Review 409 : Sorcier des Glaces – Un Monde de Glace et de Sang – English

Sorcier des Glaces’ beauty will always surprised me.

Created in 1997 in Canada by Luc Gaulin (drums, Moonlyght, Passage) et Sébastien « Roby » Robitaille (vocals/guitar/bass, Moonlyght, Passage), the duo offers us today Un Monde de Glace et de Sang, its eighth album.

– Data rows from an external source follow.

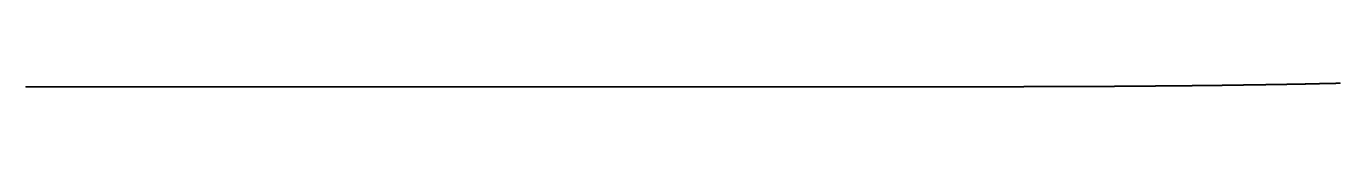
# Model space of a CAD drawing. Header units: metres. Extents: x 0 to 360, y 0 to 49.
# Drawn here: x 45 to 67.49, y 0 to 0.06 of the extents above; entities that cross this region are included whole.
import ezdxf

# ---------------------------------------------------------------- set-up
doc = ezdxf.new("R2010")
doc.units = ezdxf.units.M

msp = doc.modelspace()

# ---------------------------------------------------------------- linework, layer by layer
for p in [(45, 0), (45.012, 0), (45.023, 0), (45.035, 0), (45.047, 0), (45.058, 0), (45.07, 0), (45.082, 0), (45.093, 0), (45.105, 0), (45.117, 0), (45.128, 0), (45.14, 0), (45.152, 0), (45.163, 0), (45.175, 0), (45.187, 0), (45.198, 0), (45.21, 0), (45.222, 0), (45.233, 0), (45.245, 0), (45.257, 0), (45.269, 0), (45.28, 0), (45.292, 0), (45.304, 0), (45.315, 0), (45.327, 0), (45.339, 0), (45.35, 0), (45.362, 0), (45.374, 0), (45.385, 0), (45.397, 0), (45.409, 0), (45.42, 0), (45.432, 0), (45.444, 0), (45.455, 0), (45.467, 0), (45.479, 0), (45.49, 0), (45.502, 0), (45.514, 0), (45.525, 0), (45.537, 0), (45.549, 0), (45.56, 0), (45.572, 0), (45.584, 0), (45.595, 0), (45.607, 0), (45.619, 0), (45.63, 0), (45.642, 0), (45.654, 0), (45.665, 0), (45.677, 0), (45.689, 0), (45.7, 0), (45.712, 0), (45.724, 0), (45.735, 0), (45.747, 0), (45.759, 0), (45.77, 0), (45.782, 0), (45.794, 0), (45.805, 0), (45.817, 0), (45.829, 0), (45.84, 0), (45.852, 0), (45.864, 0), (45.876, 0), (45.887, 0), (45.899, 0), (45.911, 0), (45.922, 0), (45.934, 0), (45.946, 0), (45.957, 0), (45.969, 0), (45.981, 0), (45.992, 0), (46.004, 0), (46.016, 0), (46.027, 0), (46.039, 0), (46.051, 0), (46.062, 0), (46.074, 0), (46.086, 0), (46.097, 0), (46.109, 0), (46.121, 0), (46.132, 0), (46.144, 0), (46.156, 0), (46.167, 0), (46.179, 0), (46.191, 0), (46.202, 0), (46.214, 0), (46.226, 0), (46.237, 0), (46.249, 0), (46.261, 0), (46.272, 0), (46.284, 0), (46.296, 0), (46.307, 0), (46.319, 0), (46.331, 0), (46.342, 0), (46.354, 0), (46.366, 0), (46.377, 0), (46.389, 0), (46.401, 0), (46.412, 0), (46.424, 0), (46.436, 0), (46.447, 0), (46.459, 0), (46.471, 0), (46.483, 0), (46.494, 0), (46.506, 0), (46.518, 0), (46.529, 0), (46.541, 0), (46.553, 0), (46.564, 0), (46.576, 0), (46.588, 0), (46.599, 0), (46.611, 0), (46.623, 0), (46.634, 0), (46.646, 0), (46.658, 0), (46.669, 0), (46.681, 0), (46.693, 0), (46.704, 0), (46.716, 0), (46.728, 0), (46.739, 0), (46.751, 0), (46.763, 0), (46.774, 0), (46.786, 0), (46.798, 0), (46.809, 0), (46.821, 0), (46.833, 0), (46.844, 0), (46.856, 0), (46.868, 0), (46.879, 0), (46.891, 0), (46.903, 0), (46.914, 0), (46.926, 0), (46.938, 0), (46.949, 0), (46.961, 0), (46.973, 0), (46.984, 0), (46.996, 0), (47.008, 0), (47.019, 0), (47.031, 0), (47.043, 0), (47.054, 0), (47.066, 0), (47.078, 0), (47.09, 0), (47.101, 0), (47.113, 0), (47.125, 0), (47.136, 0), (47.148, 0), (47.16, 0), (47.171, 0), (47.183, 0), (47.195, 0), (47.206, 0), (47.218, 0), (47.23, 0), (47.241, 0), (47.253, 0), (47.265, 0), (47.276, 0), (47.288, 0), (47.3, 0), (47.311, 0), (47.323, 0), (47.335, 0), (47.346, 0), (47.358, 0), (47.37, 0), (47.381, 0), (47.393, 0), (47.405, 0), (47.416, 0), (47.428, 0), (47.44, 0), (47.451, 0), (47.463, 0), (47.475, 0), (47.486, 0), (47.498, 0), (47.51, 0), (47.521, 0), (47.533, 0), (47.545, 0), (47.556, 0), (47.568, 0), (47.58, 0), (47.591, 0), (47.603, 0), (47.615, 0), (47.626, 0), (47.638, 0), (47.65, 0), (47.662, 0), (47.673, 0), (47.685, 0), (47.697, 0), (47.708, 0), (47.72, 0), (47.732, 0), (47.743, 0), (47.755, 0), (47.767, 0), (47.778, 0), (47.79, 0), (47.802, 0), (47.813, 0), (47.825, 0), (47.837, 0), (47.848, 0), (47.86, 0), (47.872, 0), (47.883, 0), (47.895, 0), (47.907, 0), (47.918, 0), (47.93, 0), (47.942, 0), (47.953, 0), (47.965, 0), (47.977, 0), (47.988, 0), (48, 0), (48.012, 0), (48.023, 0), (48.035, 0), (48.047, 0), (48.058, 0), (48.07, 0), (48.082, 0), (48.093, 0), (48.105, 0), (48.117, 0), (48.128, 0), (48.14, 0), (48.152, 0), (48.163, 0), (48.175, 0), (48.187, 0), (48.198, 0), (48.21, 0), (48.222, 0), (48.233, 0), (48.245, 0), (48.257, 0), (48.269, 0), (48.28, 0), (48.292, 0), (48.304, 0), (48.315, 0), (48.327, 0), (48.339, 0), (48.35, 0), (48.362, 0), (48.374, 0), (48.385, 0), (48.397, 0), (48.409, 0), (48.42, 0), (48.432, 0), (48.444, 0), (48.455, 0), (48.467, 0), (48.479, 0), (48.49, 0), (48.502, 0), (48.514, 0), (48.525, 0), (48.537, 0), (48.549, 0), (48.56, 0), (48.572, 0), (48.584, 0), (48.595, 0), (48.607, 0), (48.619, 0), (48.63, 0), (48.642, 0), (48.654, 0), (48.665, 0), (48.677, 0), (48.689, 0), (48.7, 0), (48.712, 0), (48.724, 0), (48.735, 0), (48.747, 0), (48.759, 0), (48.77, 0), (48.782, 0), (48.794, 0), (48.805, 0), (48.817, 0), (48.829, 0), (48.84, 0), (48.852, 0), (48.864, 0), (48.876, 0), (48.887, 0), (48.899, 0), (48.911, 0), (48.922, 0), (48.934, 0), (48.946, 0), (48.957, 0), (48.969, 0), (48.981, 0), (48.992, 0), (49.004, 0), (49.016, 0), (49.027, 0), (49.039, 0), (49.051, 0), (49.062, 0), (49.074, 0), (49.086, 0), (49.097, 0), (49.109, 0), (49.121, 0), (49.132, 0), (49.144, 0), (49.156, 0), (49.167, 0), (49.179, 0), (49.191, 0), (49.202, 0), (49.214, 0), (49.226, 0), (49.237, 0), (49.249, 0), (49.261, 0), (49.272, 0), (49.284, 0), (49.296, 0), (49.307, 0), (49.319, 0), (49.331, 0), (49.342, 0), (49.354, 0), (49.366, 0), (49.377, 0), (49.389, 0), (49.401, 0), (49.412, 0), (49.424, 0), (49.436, 0), (49.447, 0), (49.459, 0), (49.471, 0), (49.483, 0), (49.494, 0), (49.506, 0), (49.518, 0), (49.529, 0), (49.541, 0), (49.553, 0), (49.564, 0), (49.576, 0), (49.588, 0), (49.599, 0), (49.611, 0), (49.623, 0), (49.634, 0), (49.646, 0), (49.658, 0), (49.669, 0), (49.681, 0), (49.693, 0), (49.704, 0), (49.716, 0), (49.728, 0), (49.739, 0), (49.751, 0), (49.763, 0), (49.774, 0), (49.786, 0), (49.798, 0), (49.809, 0), (49.821, 0), (49.833, 0), (49.844, 0), (49.856, 0), (49.868, 0), (49.879, 0), (49.891, 0), (49.903, 0), (49.914, 0), (49.926, 0), (49.938, 0), (49.949, 0), (49.961, 0), (49.973, 0), (49.984, 0), (49.996, 0), (50.008, 0), (50.019, 0), (50.031, 0), (50.043, 0), (50.054, 0), (50.066, 0), (50.078, 0), (50.09, 0), (50.101, 0), (50.113, 0), (50.125, 0), (50.136, 0), (50.148, 0), (50.16, 0), (50.171, 0), (50.183, 0), (50.195, 0), (50.206, 0), (50.218, 0), (50.23, 0), (50.241, 0), (50.253, 0), (50.265, 0), (50.276, 0), (50.288, 0), (50.3, 0), (50.311, 0), (50.323, 0), (50.335, 0), (50.346, 0), (50.358, 0), (50.37, 0), (50.381, 0), (50.393, 0), (50.405, 0), (50.416, 0), (50.428, 0), (50.44, 0), (50.451, 0), (50.463, 0), (50.475, 0), (50.486, 0), (50.498, 0), (50.51, 0), (50.521, 0), (50.533, 0), (50.545, 0), (50.556, 0), (50.568, 0), (50.58, 0), (50.591, 0), (50.603, 0), (50.615, 0), (50.626, 0), (50.638, 0), (50.65, 0), (50.662, 0), (50.673, 0), (50.685, 0), (50.697, 0), (50.708, 0), (50.72, 0), (50.732, 0), (50.743, 0), (50.755, 0), (50.767, 0), (50.778, 0), (50.79, 0), (50.802, 0), (50.813, 0), (50.825, 0), (50.837, 0), (50.848, 0), (50.86, 0), (50.872, 0), (50.883, 0), (50.895, 0), (50.907, 0), (50.918, 0), (50.93, 0), (50.942, 0), (50.953, 0), (50.965, 0), (50.977, 0), (50.988, 0), (51, 0), (51.012, 0), (51.023, 0), (51.035, 0), (51.047, 0), (51.058, 0), (51.07, 0), (51.082, 0), (51.093, 0), (51.105, 0), (51.117, 0), (51.128, 0), (51.14, 0), (51.152, 0), (51.163, 0), (51.175, 0), (51.187, 0), (51.198, 0), (51.21, 0), (51.222, 0), (51.233, 0), (51.245, 0), (51.257, 0), (51.269, 0), (51.28, 0), (51.292, 0), (51.304, 0), (51.315, 0), (51.327, 0), (51.339, 0), (51.35, 0), (51.362, 0), (51.374, 0), (51.385, 0), (51.397, 0), (51.409, 0), (51.42, 0), (51.432, 0), (51.444, 0), (51.455, 0), (51.467, 0), (51.479, 0), (51.49, 0), (51.502, 0), (51.514, 0), (51.525, 0), (51.537, 0), (51.549, 0), (51.56, 0), (51.572, 0), (51.584, 0), (51.595, 0), (51.607, 0), (51.619, 0), (51.63, 0), (51.642, 0), (51.654, 0), (51.665, 0), (51.677, 0), (51.689, 0), (51.7, 0), (51.712, 0), (51.724, 0), (51.735, 0), (51.747, 0), (51.759, 0), (51.77, 0), (51.782, 0), (51.794, 0), (51.805, 0), (51.817, 0), (51.829, 0), (51.84, 0), (51.852, 0), (51.864, 0), (51.876, 0), (51.887, 0), (51.899, 0), (51.911, 0), (51.922, 0), (51.934, 0), (51.946, 0), (51.957, 0), (51.969, 0), (51.981, 0), (51.992, 0), (52.004, 0), (52.016, 0), (52.027, 0), (52.039, 0), (52.051, 0), (52.062, 0), (52.074, 0), (52.086, 0), (52.097, 0), (52.109, 0), (52.121, 0), (52.132, 0), (52.144, 0), (52.156, 0), (52.167, 0), (52.179, 0), (52.191, 0), (52.202, 0), (52.214, 0), (52.226, 0), (52.237, 0), (52.249, 0), (52.261, 0), (52.272, 0), (52.284, 0), (52.296, 0), (52.307, 0), (52.319, 0), (52.331, 0), (52.342, 0), (52.354, 0), (52.366, 0), (52.377, 0), (52.389, 0), (52.401, 0), (52.412, 0), (52.424, 0), (52.436, 0), (52.447, 0), (52.459, 0), (52.471, 0), (52.483, 0), (52.494, 0), (52.506, 0), (52.518, 0), (52.529, 0), (52.541, 0), (52.553, 0), (52.564, 0), (52.576, 0), (52.588, 0), (52.599, 0), (52.611, 0), (52.623, 0), (52.634, 0), (52.646, 0), (52.658, 0), (52.669, 0), (52.681, 0), (52.693, 0), (52.704, 0), (52.716, 0), (52.728, 0), (52.739, 0), (52.751, 0), (52.763, 0), (52.774, 0), (52.786, 0), (52.798, 0), (52.809, 0), (52.821, 0), (52.833, 0), (52.844, 0), (52.856, 0), (52.868, 0), (52.879, 0), (52.891, 0), (52.903, 0), (52.914, 0), (52.926, 0), (52.938, 0), (52.949, 0), (52.961, 0), (52.973, 0), (52.984, 0), (52.996, 0), (53.008, 0), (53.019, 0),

The band’s art is unveiled since Crossing the Haunted Forest, the first song. Ice-cold, sharp and heady sonorities fill the air, then an uncompromising blast and tortured vocals join the mixing. Impossible not to feel oppressed when this low voice comes on the break, then the band makes us travel again. Night-Dark Winds of Evil, the next track, offers a more piercing but also softer lead, contrasting with the violence into the vocalist’s howlings. Some very soft Folk melt to the mixing, then La Couronne des Mille Hivers begins. Morbid howlings (in french) don’t delay to alight on the cold and dissonant rhythmic, then the song becomes darker. The more the song moves forward, the more the intensity increases, with a climax on Un Monde de Glace et de Sang, the longest track. The atmospheric introduction finally drops us on an avalanche, and the band takes the opportunity to introduce us to Thierry Nadeau-Cossette (Moonlyght, Passage) on vocals. The guest adds an additional deepness to this seizing, violent and cold universe after an outstanding break. Epic and melancholic sonorities are exhilarating.
The album continues with (Return to the) Primitive Grandeur, an as magnificent as impenetrable track, and the wall of sound the band plays literally knocks us out, allowing them to place dark harmonics. A clean-sounding break comes to ease this rhythmic before coming back on it, then it is the warlike The Warlock that strikes. Impressive ambiences are here since the beginning, the a catchy rhythmic that picks from Dungeon Synth comes to us. The band fully exploits those sonorities, and even when riffs accelerate or slow down, the ambience is delicious. We will notice piercing solo everywhere across the song, then L’Éternelle Majesté des Montagnes (partie II) is next to enchant us. Obviously reminding another song of the band that is more than twenty years old now, the shrilling rhythmic explodes on our face after an intriguing introduction. Terrifying, dark but yet so soft and airy, the composition lulls, strokes and aggresses us while mesmerizing us. But every good thing has an end, and it is with the help of their guest on keyboards that the band concludes an hour of intense sound on La Couronne des Mille Hivers (partie II), a soft instrumental.

Canadian Black Metal is recognized throughout the world, and Sorcier des Glaces participates to this fame. Un Monde de Glace et de Sang is an as beautiful as impressive, as mesmerizing as ice-cold album that sounds for a long time along with the style’s best releases.